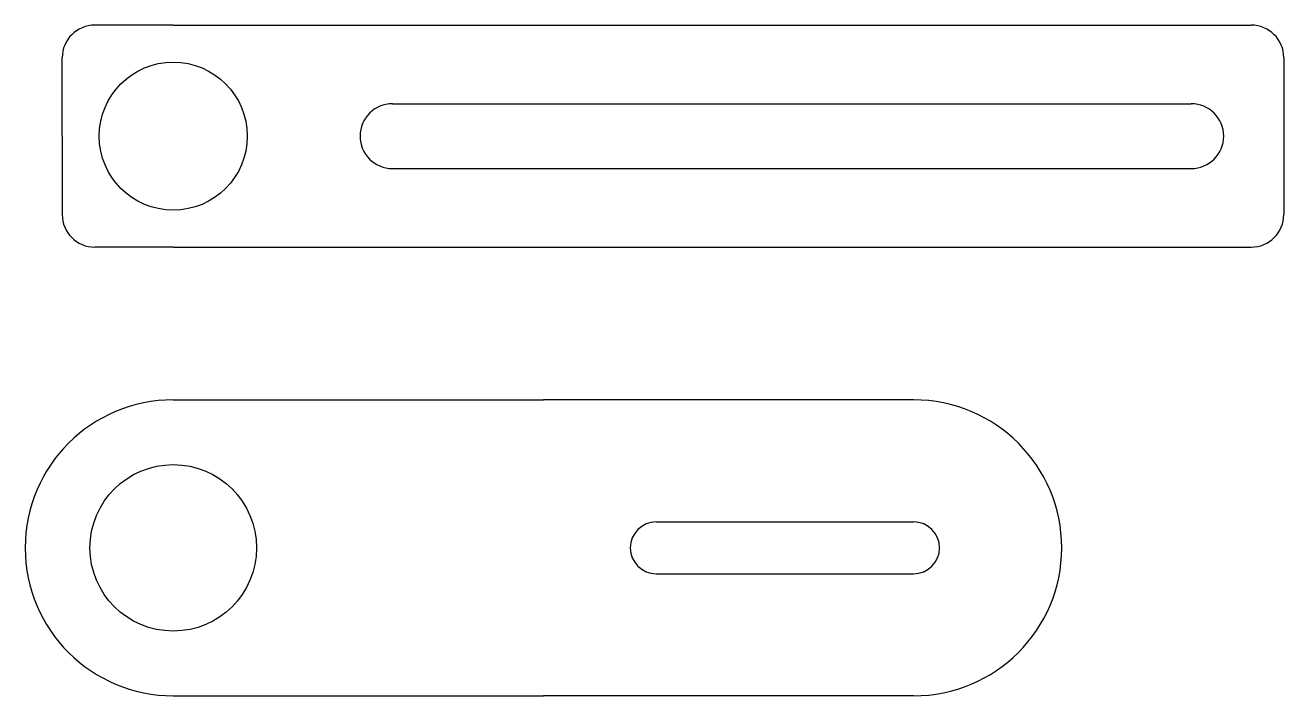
# Model space of a CAD drawing. Header units: millimetres. Extents: x 463.3 to 531.3, y 243.6 to 279.9.
import ezdxf

# ---------------------------------------------------------------- set-up
doc = ezdxf.new("R2010")
doc.units = ezdxf.units.MM
doc.layers.add('FLEX STAFFA', color=7, linetype='Continuous')

msp = doc.modelspace()

# ---------------------------------------------------------------- linework, layer by layer
at = {"linetype": 'ByBlock'}
for p, q in [((471.341, 279.882), (467.098, 279.882)), ((471.341, 279.882), (529.584, 279.882)), ((465.341, 273.882), (465.341, 278.125)), ((531.341, 278.125), (531.341, 269.639)), ((483.181, 275.632), (526.341, 275.632)), ((465.341, 273.882), (465.341, 269.639)), ((483.181, 272.132), (526.341, 272.132)), ((471.341, 267.882), (467.098, 267.882)), ((471.341, 267.882), (529.584, 267.882))]:
    msp.add_line(p, q, dxfattribs=at)
msp.add_circle((471.341, 273.882), 4, dxfattribs=at)
for centre, radius, start, end in [((467.098, 278.125), 1.757, 90, 180), ((529.584, 278.125), 1.757, 0, 90), ((483.181, 273.882), 1.75, 90, 270), ((526.341, 273.882), 1.75, 270, 90), ((467.098, 269.639), 1.757, 180, 270), ((529.584, 269.639), 1.757, 270, 0)]:
    msp.add_arc(centre, radius, start, end, dxfattribs=at)
at = {"layer": 'FLEX STAFFA', "color": 4, "linetype": 'ByBlock'}
for p, q in [((471.341, 259.627), (491.341, 259.627)), ((511.341, 259.627), (491.341, 259.627)), ((497.432, 253.027), (511.341, 253.027)), ((497.432, 250.227), (511.341, 250.227)), ((471.341, 243.627), (491.341, 243.627)), ((511.341, 243.627), (491.341, 243.627))]:
    msp.add_line(p, q, dxfattribs=at)
msp.add_circle((471.341, 251.627), 4.5, dxfattribs=at)
for centre, radius, start, end in [((471.341, 251.627), 8, 90, 270), ((511.341, 251.627), 8, 270, 90), ((497.432, 251.627), 1.4, 90, 270), ((511.341, 251.627), 1.4, 270, 90)]:
    msp.add_arc(centre, radius, start, end, dxfattribs=at)

doc.saveas('drawing.dxf')
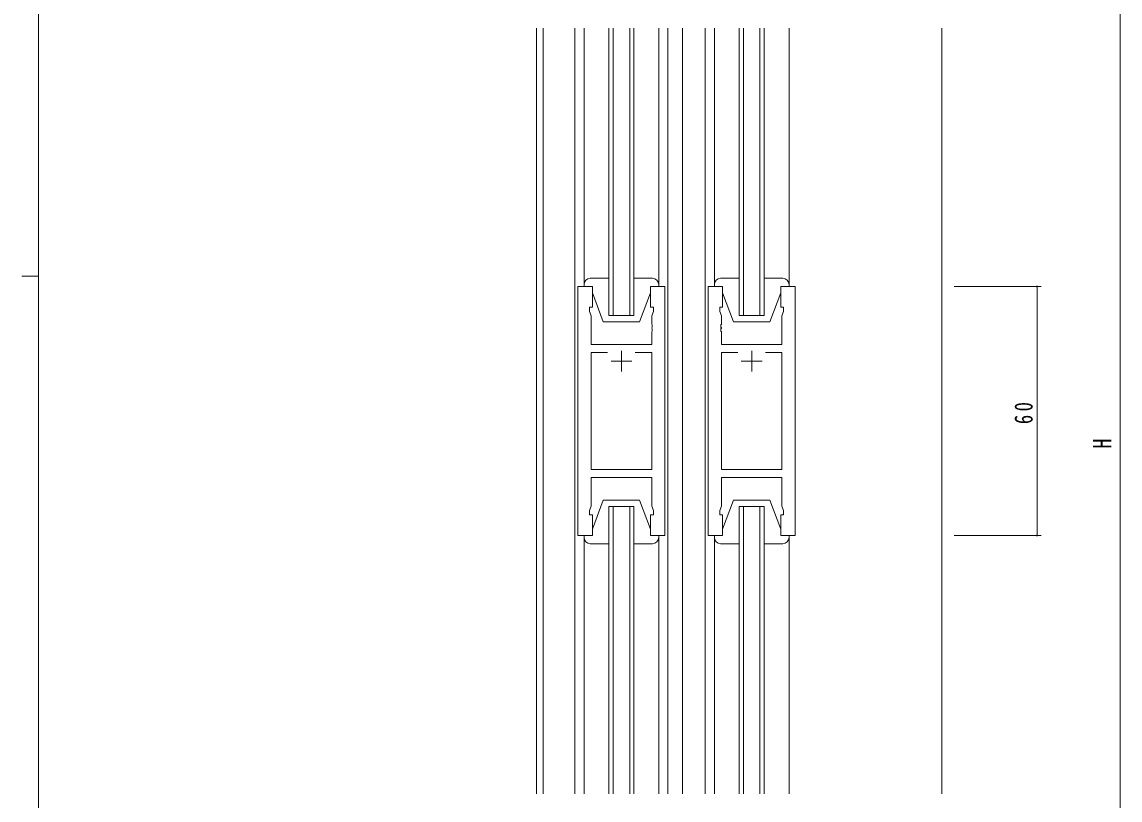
# Model space of a CAD drawing. Units: millimetres, scale not verified. Extents: x -567 to 567, y -403 to 403.
# Drawn here: x -566.7 to -302, y -102.2 to 85.3 of the extents above; entities that cross this region are included whole.
import ezdxf
from ezdxf.enums import TextEntityAlignment as Align

# ---------------------------------------------------------------- set-up
doc = ezdxf.new("R2010")
doc.units = ezdxf.units.MM
doc.header["$LTSCALE"] = 2
for name, color, linetype, lineweight in [('0-1_YKK_ZWAK', 7, 'Continuous', 18), ('0-3_YKK_11', 7, 'Continuous', 18), ('0-4_YKK_12', 2, 'Continuous', 18), ('0-5_YKK_13', 4, 'Continuous', 18), ('0-6_YKK_D', 6, 'Continuous', 18)]:
    doc.layers.add(name, color=color, linetype=linetype, lineweight=lineweight)
doc.styles.add('ＭＳ ゴシック', font='')
doc.styles.get('ＭＳ ゴシック').set_extended_font_data('MS Gothic')

msp = doc.modelspace()

# ---------------------------------------------------------------- linework, layer by layer
at = {"layer": '0-1_YKK_ZWAK'}
for p, q in [((-562.726, -350.982), (-562.726, 399.018)), ((-566.726, 24.018), (-562.726, 24.018))]:
    msp.add_line(p, q, dxfattribs=at)
at = {"layer": '0-3_YKK_11'}
for p, q in [((-432.726, 21.518), (-429.226, 21.518)), ((-432.726, -38.482), (-432.726, 21.518)), ((-415.226, 16.518), (-415.226, 21.518)), ((-415.226, 21.518), (-411.726, 21.518)), ((-411.726, 21.518), (-411.726, -38.482)), ((-397.826, 21.518), (-401.326, 21.518)), ((-401.326, 21.518), (-401.326, -38.482)), ((-397.826, 16.518), (-397.826, 21.518)), ((-380.326, 21.518), (-383.826, 21.518)), ((-380.326, -38.482), (-380.326, 21.518)), ((-429.926, 16.518), (-429.926, 15.518)), ((-414.526, 16.518), (-415.226, 16.518)), ((-414.526, 15.518), (-414.526, 16.518)), ((-398.526, 16.518), (-397.826, 16.518)), ((-398.526, 15.518), (-398.526, 16.518)), ((-383.126, 16.518), (-383.126, 15.518)), ((-429.926, 15.518), (-429.526, 14.419)), ((-429.526, 14.419), (-429.526, 7.518)), ((-414.926, 14.419), (-414.526, 15.518)), ((-414.926, 12.476), (-414.926, 14.419)), ((-398.126, 14.419), (-398.526, 15.518)), ((-398.126, 12.476), (-398.126, 14.419)), ((-383.126, 15.518), (-383.526, 14.419)), ((-383.526, 14.419), (-383.526, 7.518)), ((-414.806, 12.293), (-414.926, 12.476)), ((-414.926, 11.559), (-414.806, 11.743)), ((-414.926, 11.476), (-414.926, 11.559)), ((-414.806, 11.293), (-414.926, 11.476)), ((-414.926, 10.559), (-414.806, 10.743)), ((-414.806, 11.743), (-414.806, 12.293)), ((-414.806, 10.743), (-414.806, 11.293)), ((-398.246, 12.293), (-398.126, 12.476)), ((-398.246, 11.743), (-398.246, 12.293)), ((-398.126, 11.559), (-398.246, 11.743)), ((-398.246, 11.293), (-398.126, 11.476)), ((-398.246, 10.743), (-398.246, 11.293)), ((-398.126, 10.559), (-398.246, 10.743)), ((-398.126, 11.476), (-398.126, 11.559)), ((-414.926, 7.518), (-414.926, 10.559)), ((-398.126, 7.518), (-398.126, 10.559)), ((-429.526, 7.518), (-414.926, 7.518)), ((-429.526, 5.588), (-425.576, 5.588)), ((-429.526, -22.552), (-429.526, 5.588)), ((-422.226, 6.018), (-422.226, 1.018)), ((-418.876, 5.588), (-414.926, 5.588)), ((-418.876, 5.588), (-414.926, 5.588)), ((-414.926, 5.588), (-414.926, -22.552)), ((-383.526, 7.518), (-398.126, 7.518)), ((-394.176, 5.588), (-398.126, 5.588)), ((-394.176, 5.588), (-398.126, 5.588)), ((-398.126, 5.588), (-398.126, -22.552)), ((-390.826, 6.018), (-390.826, 1.018)), ((-383.526, 5.588), (-387.476, 5.588)), ((-383.526, -22.552), (-383.526, 5.588)), ((-419.726, 3.518), (-424.726, 3.518)), ((-393.326, 3.518), (-388.326, 3.518)), ((-414.926, -22.552), (-429.526, -22.552)), ((-398.126, -22.552), (-383.526, -22.552)), ((-429.526, -24.482), (-429.526, -31.383)), ((-414.926, -24.482), (-429.526, -24.482)), ((-414.926, -31.383), (-414.926, -24.482)), ((-398.126, -31.383), (-398.126, -24.482)), ((-398.126, -24.482), (-383.526, -24.482)), ((-383.526, -24.482), (-383.526, -31.383)), ((-429.526, -31.383), (-429.926, -32.482)), ((-414.526, -32.482), (-414.926, -31.383)), ((-398.526, -32.482), (-398.126, -31.383)), ((-383.526, -31.383), (-383.126, -32.482)), ((-429.926, -32.482), (-429.926, -33.482)), ((-429.926, -33.482), (-429.226, -33.482)), ((-429.226, -33.482), (-429.226, -38.482)), ((-415.226, -38.482), (-415.226, -33.482)), ((-415.226, -33.482), (-414.526, -33.482)), ((-414.526, -33.482), (-414.526, -32.482)), ((-398.526, -33.482), (-398.526, -32.482)), ((-397.826, -33.482), (-398.526, -33.482)), ((-397.826, -38.482), (-397.826, -33.482)), ((-383.826, -33.482), (-383.826, -38.482)), ((-383.126, -33.482), (-383.826, -33.482)), ((-383.126, -32.482), (-383.126, -33.482)), ((-429.226, -38.482), (-432.726, -38.482)), ((-411.726, -38.482), (-415.226, -38.482)), ((-401.326, -38.482), (-397.826, -38.482)), ((-383.826, -38.482), (-380.326, -38.482))]:
    msp.add_line(p, q, dxfattribs=at)
for points in [[(-429.226, 21.518), (-429.226, 16.518), (-429.926, 16.518)], [(-383.826, 21.518), (-383.826, 16.518), (-383.126, 16.518)]]:
    msp.add_lwpolyline(points, dxfattribs=at)
at = {"layer": '0-4_YKK_12'}
for p, q in [((-442.726, -100.732), (-442.726, 83.768)), ((-441.096, 83.768), (-441.096, -100.732)), ((-433.426, 83.768), (-433.426, -100.732)), ((-425.226, 14.518), (-425.226, 83.768)), ((-424.226, 83.768), (-424.226, 14.518)), ((-420.226, 14.518), (-420.226, 83.768)), ((-419.226, 83.768), (-419.226, 14.518)), ((-411.026, 83.768), (-411.026, -100.732)), ((-407.526, 83.768), (-407.526, -100.732)), ((-402.026, -100.732), (-402.026, 83.768)), ((-393.826, 14.518), (-393.826, 83.768)), ((-392.826, 83.768), (-392.826, 14.518)), ((-388.826, 14.518), (-388.826, 83.768)), ((-387.826, 83.768), (-387.826, 14.518)), ((-345.026, 83.768), (-345.026, -100.732)), ((-442.726, -53.482), (-442.726, 36.518)), ((-441.096, 36.518), (-441.096, -53.482)), ((-433.426, 36.518), (-433.426, -53.482)), ((-411.026, 36.518), (-411.026, -53.482)), ((-407.526, 36.518), (-407.526, -53.482)), ((-345.026, 36.518), (-345.026, -53.482)), ((-419.226, 14.518), (-425.226, 14.518)), ((-387.826, 14.518), (-393.826, 14.518)), ((-425.226, -31.482), (-419.226, -31.482)), ((-425.226, -100.732), (-425.226, -31.482)), ((-424.226, -31.482), (-424.226, -100.732)), ((-420.226, -100.732), (-420.226, -31.482)), ((-419.226, -31.482), (-419.226, -100.732)), ((-393.826, -31.482), (-387.826, -31.482)), ((-393.826, -100.732), (-393.826, -31.482)), ((-392.826, -31.482), (-392.826, -100.732)), ((-388.826, -100.732), (-388.826, -31.482)), ((-387.826, -31.482), (-387.826, -100.732))]:
    msp.add_line(p, q, dxfattribs=at)
at = {"layer": '0-5_YKK_13'}
for p, q in [((-431.226, 21.518), (-431.226, 83.768)), ((-413.226, 21.518), (-413.226, 83.768)), ((-399.826, 21.518), (-399.826, 83.768)), ((-381.826, 21.518), (-381.826, 83.768)), ((-431.226, 22.018), (-431.226, 21.518)), ((-431.226, 21.518), (-429.226, 21.518)), ((-425.226, 23.518), (-429.726, 23.518)), ((-429.226, 21.518), (-429.226, 20.018)), ((-414.726, 23.518), (-419.226, 23.518)), ((-415.226, 20.018), (-415.226, 21.518)), ((-415.226, 21.518), (-413.226, 21.518)), ((-413.226, 21.518), (-413.226, 22.018)), ((-399.826, 22.018), (-399.826, 21.518)), ((-399.826, 21.518), (-397.826, 21.518)), ((-393.826, 23.518), (-398.326, 23.518)), ((-397.826, 21.518), (-397.826, 20.018)), ((-383.326, 23.518), (-387.826, 23.518)), ((-383.826, 21.518), (-381.826, 21.518)), ((-383.826, 20.018), (-383.826, 21.518)), ((-381.826, 21.518), (-381.826, 22.018)), ((-429.226, 20.018), (-426.626, 13.018)), ((-415.226, 20.018), (-417.826, 13.018)), ((-397.826, 20.018), (-395.226, 13.018)), ((-383.826, 20.018), (-386.426, 13.018)), ((-426.626, 13.018), (-417.826, 13.018)), ((-395.226, 13.018), (-386.426, 13.018)), ((-429.226, -36.982), (-426.626, -29.982)), ((-426.626, -29.982), (-417.826, -29.982)), ((-415.226, -36.982), (-417.826, -29.982)), ((-397.826, -36.982), (-395.226, -29.982)), ((-395.226, -29.982), (-386.426, -29.982)), ((-383.826, -36.982), (-386.426, -29.982)), ((-429.226, -38.482), (-429.226, -36.982)), ((-415.226, -36.982), (-415.226, -38.482)), ((-397.826, -38.482), (-397.826, -36.982)), ((-383.826, -36.982), (-383.826, -38.482)), ((-431.226, -38.482), (-429.226, -38.482)), ((-431.226, -38.982), (-431.226, -38.482)), ((-431.226, -38.482), (-431.226, -100.732)), ((-415.226, -38.482), (-413.226, -38.482)), ((-413.226, -38.482), (-413.226, -38.982)), ((-413.226, -38.482), (-413.226, -100.732)), ((-399.826, -38.482), (-397.826, -38.482)), ((-399.826, -38.982), (-399.826, -38.482)), ((-399.826, -38.482), (-399.826, -100.732)), ((-383.826, -38.482), (-381.826, -38.482)), ((-381.826, -38.482), (-381.826, -38.982)), ((-381.826, -38.482), (-381.826, -100.732)), ((-425.226, -40.482), (-429.726, -40.482)), ((-414.726, -40.482), (-419.226, -40.482)), ((-393.826, -40.482), (-398.326, -40.482)), ((-383.326, -40.482), (-387.826, -40.482))]:
    msp.add_line(p, q, dxfattribs=at)
for centre, start, end in [((-429.726, 22.018), 90, 180), ((-414.726, 22.018), 0, 90), ((-398.326, 22.018), 90, 180), ((-383.326, 22.018), 0, 90), ((-429.726, -38.982), 180, 270), ((-414.726, -38.982), 270, 0), ((-398.326, -38.982), 180, 270), ((-383.326, -38.982), 270, 0)]:
    msp.add_arc(centre, 1.5, start, end, dxfattribs=at)
at = {"layer": '0-6_YKK_D'}
for p, q in [((-302.029, 177.018), (-302.029, -208.982)), ((-342.026, 21.518), (-321.029, 21.518)), ((-322.029, 21.518), (-322.029, -38.482)), ((-342.026, -38.482), (-321.029, -38.482))]:
    msp.add_line(p, q, dxfattribs=at)
for centre, start, end in [((-322.029, 21.518), 90, 270), ((-322.029, 21.518), 270, 90), ((-322.029, -38.482), 90, 270), ((-322.029, -38.482), 270, 90)]:
    msp.add_arc(centre, 0.106, start, end, dxfattribs=at)

# ---------------------------------------------------------------- texts
at = {"layer": '0-6_YKK_D', "color": 7, "style": 'ＭＳ ゴシック', "width": 0.8}
msp.add_text('H', height=4.399, rotation=90, dxfattribs=at).set_placement((-302.829, -17.53), align=Align.BOTTOM_LEFT)
at = {"layer": '0-6_YKK_D', "color": 7, "insert": (-323.029, -11.65), "char_height": 4.399, "attachment_point": 7, "rotation": 90, "style": 'ＭＳ ゴシック'}
msp.add_mtext('\\T1.37;\\W0.75;60', dxfattribs=at)

doc.saveas('drawing.dxf')

[WHAT THIS TASK INVOLVES]
Collect from the data above every line that includes "lineweight".

[WRITTEN ANSWER]
for name, color, linetype, lineweight in [('0-1_YKK_ZWAK', 7, 'Continuous', 18), ('0-3_YKK_11', 7, 'Continuous', 18), ('0-4_YKK_12', 2, 'Continuous', 18), ('0-5_YKK_13', 4, 'Continuous', 18), ('0-6_YKK_D', 6, 'Continuous', 18)]:
    doc.layers.add(name, color=color, linetype=linetype, lineweight=lineweight)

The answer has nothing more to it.